= TASK ITEM =
Before copying, set the pictures aside; then repeat every line below verbatim.

═════ DATA FOR PROCESSING ═════

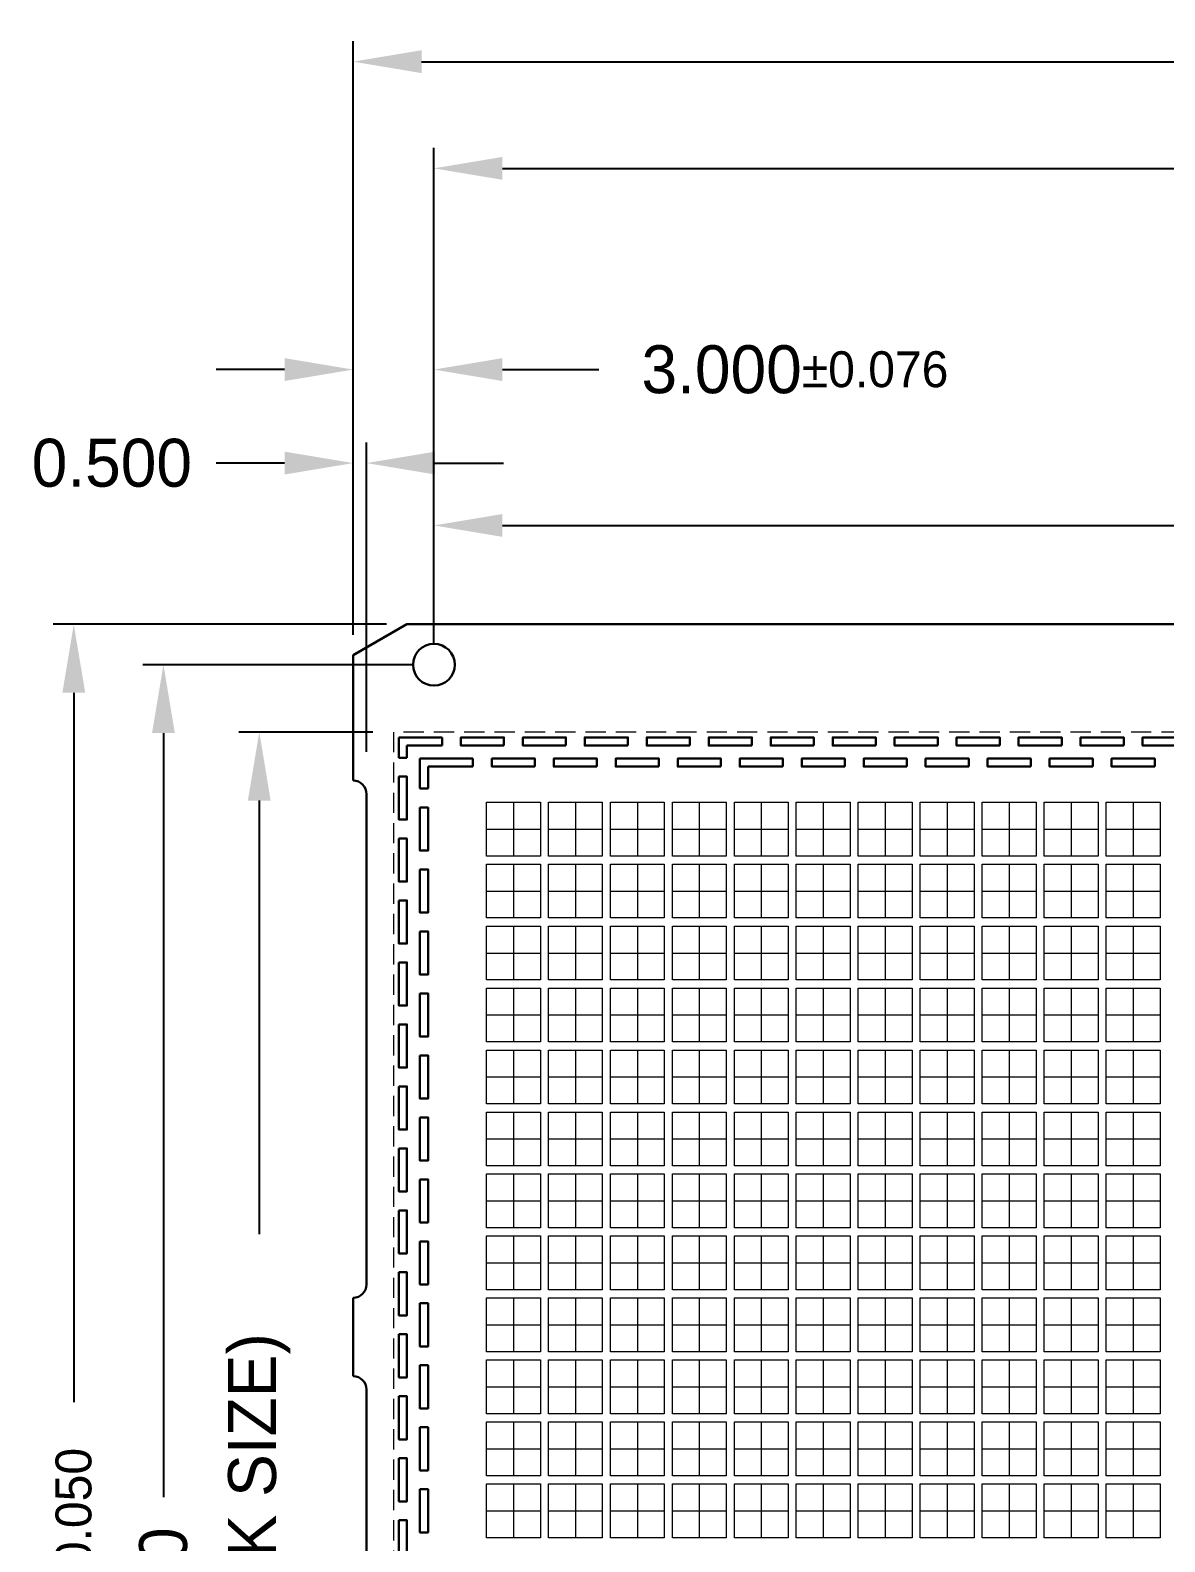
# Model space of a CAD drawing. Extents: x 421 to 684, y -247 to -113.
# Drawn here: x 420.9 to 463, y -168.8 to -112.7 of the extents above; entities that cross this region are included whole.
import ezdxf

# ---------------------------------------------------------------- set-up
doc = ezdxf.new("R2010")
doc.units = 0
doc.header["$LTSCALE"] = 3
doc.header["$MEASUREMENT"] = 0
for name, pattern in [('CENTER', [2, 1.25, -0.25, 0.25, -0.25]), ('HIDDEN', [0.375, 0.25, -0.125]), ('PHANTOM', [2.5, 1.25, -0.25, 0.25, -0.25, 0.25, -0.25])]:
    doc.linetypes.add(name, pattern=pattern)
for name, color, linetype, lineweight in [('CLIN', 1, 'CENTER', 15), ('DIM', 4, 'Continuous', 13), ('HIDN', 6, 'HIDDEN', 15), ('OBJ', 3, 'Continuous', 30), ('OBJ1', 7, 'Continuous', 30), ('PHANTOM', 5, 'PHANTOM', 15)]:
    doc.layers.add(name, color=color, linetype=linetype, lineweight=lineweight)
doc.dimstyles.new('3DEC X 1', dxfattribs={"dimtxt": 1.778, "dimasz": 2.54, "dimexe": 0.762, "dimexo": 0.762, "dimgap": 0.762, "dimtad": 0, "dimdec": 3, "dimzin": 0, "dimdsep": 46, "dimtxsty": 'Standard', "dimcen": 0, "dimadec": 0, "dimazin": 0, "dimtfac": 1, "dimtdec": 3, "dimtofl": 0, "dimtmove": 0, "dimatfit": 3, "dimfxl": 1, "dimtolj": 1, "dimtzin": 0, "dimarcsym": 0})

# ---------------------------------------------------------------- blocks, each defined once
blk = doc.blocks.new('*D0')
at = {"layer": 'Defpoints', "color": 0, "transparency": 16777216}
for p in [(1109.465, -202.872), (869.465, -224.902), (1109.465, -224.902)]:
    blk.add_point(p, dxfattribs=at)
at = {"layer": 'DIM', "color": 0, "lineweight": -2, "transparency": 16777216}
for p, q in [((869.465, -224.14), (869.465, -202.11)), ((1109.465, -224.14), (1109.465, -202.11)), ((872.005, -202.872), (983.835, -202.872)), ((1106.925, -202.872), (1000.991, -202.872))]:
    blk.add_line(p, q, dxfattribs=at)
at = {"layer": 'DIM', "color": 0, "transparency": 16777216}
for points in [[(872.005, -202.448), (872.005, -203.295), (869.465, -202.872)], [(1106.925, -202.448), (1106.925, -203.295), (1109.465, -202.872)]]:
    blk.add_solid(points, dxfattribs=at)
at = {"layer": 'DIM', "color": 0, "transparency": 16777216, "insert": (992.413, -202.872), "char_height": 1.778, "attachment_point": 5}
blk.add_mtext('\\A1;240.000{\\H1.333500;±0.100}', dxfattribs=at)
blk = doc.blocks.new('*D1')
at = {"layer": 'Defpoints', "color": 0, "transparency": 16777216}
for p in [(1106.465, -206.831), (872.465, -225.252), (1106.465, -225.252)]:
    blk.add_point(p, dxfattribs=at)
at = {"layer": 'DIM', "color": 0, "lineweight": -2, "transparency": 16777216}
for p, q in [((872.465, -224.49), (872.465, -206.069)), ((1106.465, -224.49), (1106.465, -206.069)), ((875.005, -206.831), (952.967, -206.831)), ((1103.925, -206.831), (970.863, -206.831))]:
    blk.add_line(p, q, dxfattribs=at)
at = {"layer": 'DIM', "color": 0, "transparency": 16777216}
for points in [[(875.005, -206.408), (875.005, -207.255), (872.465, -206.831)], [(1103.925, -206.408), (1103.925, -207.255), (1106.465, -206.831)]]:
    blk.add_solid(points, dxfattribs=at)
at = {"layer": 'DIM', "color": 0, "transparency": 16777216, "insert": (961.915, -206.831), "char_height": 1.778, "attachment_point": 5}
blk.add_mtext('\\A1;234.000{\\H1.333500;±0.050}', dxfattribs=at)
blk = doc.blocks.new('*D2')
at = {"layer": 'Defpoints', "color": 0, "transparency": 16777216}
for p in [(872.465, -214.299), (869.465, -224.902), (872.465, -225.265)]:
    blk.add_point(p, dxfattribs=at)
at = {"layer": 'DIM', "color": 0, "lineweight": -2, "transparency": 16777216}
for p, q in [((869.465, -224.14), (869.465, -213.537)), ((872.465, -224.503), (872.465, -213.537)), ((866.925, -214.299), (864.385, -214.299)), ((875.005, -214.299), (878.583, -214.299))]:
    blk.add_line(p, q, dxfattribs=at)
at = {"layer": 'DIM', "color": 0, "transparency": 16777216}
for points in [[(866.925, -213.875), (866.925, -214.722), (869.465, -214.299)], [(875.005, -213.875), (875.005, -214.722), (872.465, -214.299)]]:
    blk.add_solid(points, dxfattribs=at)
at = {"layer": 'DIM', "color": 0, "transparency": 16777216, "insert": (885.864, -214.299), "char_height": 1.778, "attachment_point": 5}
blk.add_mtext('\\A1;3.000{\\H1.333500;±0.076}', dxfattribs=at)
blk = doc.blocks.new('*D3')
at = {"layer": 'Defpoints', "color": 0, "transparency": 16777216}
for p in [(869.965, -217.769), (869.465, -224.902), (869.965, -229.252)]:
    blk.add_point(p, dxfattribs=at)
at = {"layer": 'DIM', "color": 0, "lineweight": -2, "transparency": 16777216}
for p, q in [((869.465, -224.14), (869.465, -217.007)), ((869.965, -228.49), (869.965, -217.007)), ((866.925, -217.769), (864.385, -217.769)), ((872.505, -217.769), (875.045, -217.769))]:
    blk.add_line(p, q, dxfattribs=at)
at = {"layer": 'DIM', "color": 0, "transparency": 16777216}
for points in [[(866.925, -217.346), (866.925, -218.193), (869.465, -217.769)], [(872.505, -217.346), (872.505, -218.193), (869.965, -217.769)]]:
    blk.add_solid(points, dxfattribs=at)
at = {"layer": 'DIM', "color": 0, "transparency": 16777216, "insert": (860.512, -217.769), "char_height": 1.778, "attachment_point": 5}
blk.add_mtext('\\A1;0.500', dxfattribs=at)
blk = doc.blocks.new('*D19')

═════

= RESPONSE TO THE TASK =
# Model space of a CAD drawing. Extents: x 421 to 684, y -247 to -113.
# Drawn here: x 420.9 to 463, y -168.8 to -112.7 of the extents above; entities that cross this region are included whole.
import ezdxf

# ---------------------------------------------------------------- set-up
doc = ezdxf.new("R2010")
doc.units = 0
doc.header["$LTSCALE"] = 3
doc.header["$MEASUREMENT"] = 0
for name, pattern in [('CENTER', [2, 1.25, -0.25, 0.25, -0.25]), ('HIDDEN', [0.375, 0.25, -0.125]), ('PHANTOM', [2.5, 1.25, -0.25, 0.25, -0.25, 0.25, -0.25])]:
    doc.linetypes.add(name, pattern=pattern)
for name, color, linetype, lineweight in [('CLIN', 1, 'CENTER', 15), ('DIM', 4, 'Continuous', 13), ('HIDN', 6, 'HIDDEN', 15), ('OBJ', 3, 'Continuous', 30), ('OBJ1', 7, 'Continuous', 30), ('PHANTOM', 5, 'PHANTOM', 15)]:
    doc.layers.add(name, color=color, linetype=linetype, lineweight=lineweight)
doc.dimstyles.new('3DEC X 1', dxfattribs={"dimtxt": 1.778, "dimasz": 2.54, "dimexe": 0.762, "dimexo": 0.762, "dimgap": 0.762, "dimtad": 0, "dimdec": 3, "dimzin": 0, "dimdsep": 46, "dimtxsty": 'Standard', "dimcen": 0, "dimadec": 0, "dimazin": 0, "dimtfac": 1, "dimtdec": 3, "dimtofl": 0, "dimtmove": 0, "dimatfit": 3, "dimfxl": 1, "dimtolj": 1, "dimtzin": 0, "dimarcsym": 0})

# ---------------------------------------------------------------- blocks, each defined once
blk = doc.blocks.new('*D0')
at = {"layer": 'Defpoints', "color": 0, "transparency": 16777216}
for p in [(1109.465, -202.872), (869.465, -224.902), (1109.465, -224.902)]:
    blk.add_point(p, dxfattribs=at)
at = {"layer": 'DIM', "color": 0, "lineweight": -2, "transparency": 16777216}
for p, q in [((869.465, -224.14), (869.465, -202.11)), ((1109.465, -224.14), (1109.465, -202.11)), ((872.005, -202.872), (983.835, -202.872)), ((1106.925, -202.872), (1000.991, -202.872))]:
    blk.add_line(p, q, dxfattribs=at)
at = {"layer": 'DIM', "color": 0, "transparency": 16777216}
for points in [[(872.005, -202.448), (872.005, -203.295), (869.465, -202.872)], [(1106.925, -202.448), (1106.925, -203.295), (1109.465, -202.872)]]:
    blk.add_solid(points, dxfattribs=at)
at = {"layer": 'DIM', "color": 0, "transparency": 16777216, "insert": (992.413, -202.872), "char_height": 1.778, "attachment_point": 5}
blk.add_mtext('\\A1;240.000{\\H1.333500;±0.100}', dxfattribs=at)
blk = doc.blocks.new('*D1')
at = {"layer": 'Defpoints', "color": 0, "transparency": 16777216}
for p in [(1106.465, -206.831), (872.465, -225.252), (1106.465, -225.252)]:
    blk.add_point(p, dxfattribs=at)
at = {"layer": 'DIM', "color": 0, "lineweight": -2, "transparency": 16777216}
for p, q in [((872.465, -224.49), (872.465, -206.069)), ((1106.465, -224.49), (1106.465, -206.069)), ((875.005, -206.831), (952.967, -206.831)), ((1103.925, -206.831), (970.863, -206.831))]:
    blk.add_line(p, q, dxfattribs=at)
at = {"layer": 'DIM', "color": 0, "transparency": 16777216}
for points in [[(875.005, -206.408), (875.005, -207.255), (872.465, -206.831)], [(1103.925, -206.408), (1103.925, -207.255), (1106.465, -206.831)]]:
    blk.add_solid(points, dxfattribs=at)
at = {"layer": 'DIM', "color": 0, "transparency": 16777216, "insert": (961.915, -206.831), "char_height": 1.778, "attachment_point": 5}
blk.add_mtext('\\A1;234.000{\\H1.333500;±0.050}', dxfattribs=at)
blk = doc.blocks.new('*D2')
at = {"layer": 'Defpoints', "color": 0, "transparency": 16777216}
for p in [(872.465, -214.299), (869.465, -224.902), (872.465, -225.265)]:
    blk.add_point(p, dxfattribs=at)
at = {"layer": 'DIM', "color": 0, "lineweight": -2, "transparency": 16777216}
for p, q in [((869.465, -224.14), (869.465, -213.537)), ((872.465, -224.503), (872.465, -213.537)), ((866.925, -214.299), (864.385, -214.299)), ((875.005, -214.299), (878.583, -214.299))]:
    blk.add_line(p, q, dxfattribs=at)
at = {"layer": 'DIM', "color": 0, "transparency": 16777216}
for points in [[(866.925, -213.875), (866.925, -214.722), (869.465, -214.299)], [(875.005, -213.875), (875.005, -214.722), (872.465, -214.299)]]:
    blk.add_solid(points, dxfattribs=at)
at = {"layer": 'DIM', "color": 0, "transparency": 16777216, "insert": (885.864, -214.299), "char_height": 1.778, "attachment_point": 5}
blk.add_mtext('\\A1;3.000{\\H1.333500;±0.076}', dxfattribs=at)
blk = doc.blocks.new('*D3')
at = {"layer": 'Defpoints', "color": 0, "transparency": 16777216}
for p in [(869.965, -217.769), (869.465, -224.902), (869.965, -229.252)]:
    blk.add_point(p, dxfattribs=at)
at = {"layer": 'DIM', "color": 0, "lineweight": -2, "transparency": 16777216}
for p, q in [((869.465, -224.14), (869.465, -217.007)), ((869.965, -228.49), (869.965, -217.007)), ((866.925, -217.769), (864.385, -217.769)), ((872.505, -217.769), (875.045, -217.769))]:
    blk.add_line(p, q, dxfattribs=at)
at = {"layer": 'DIM', "color": 0, "transparency": 16777216}
for points in [[(866.925, -217.346), (866.925, -218.193), (869.465, -217.769)], [(872.505, -217.346), (872.505, -218.193), (869.965, -217.769)]]:
    blk.add_solid(points, dxfattribs=at)
at = {"layer": 'DIM', "color": 0, "transparency": 16777216, "insert": (860.512, -217.769), "char_height": 1.778, "attachment_point": 5}
blk.add_mtext('\\A1;0.500', dxfattribs=at)
blk = doc.blocks.new('*D19')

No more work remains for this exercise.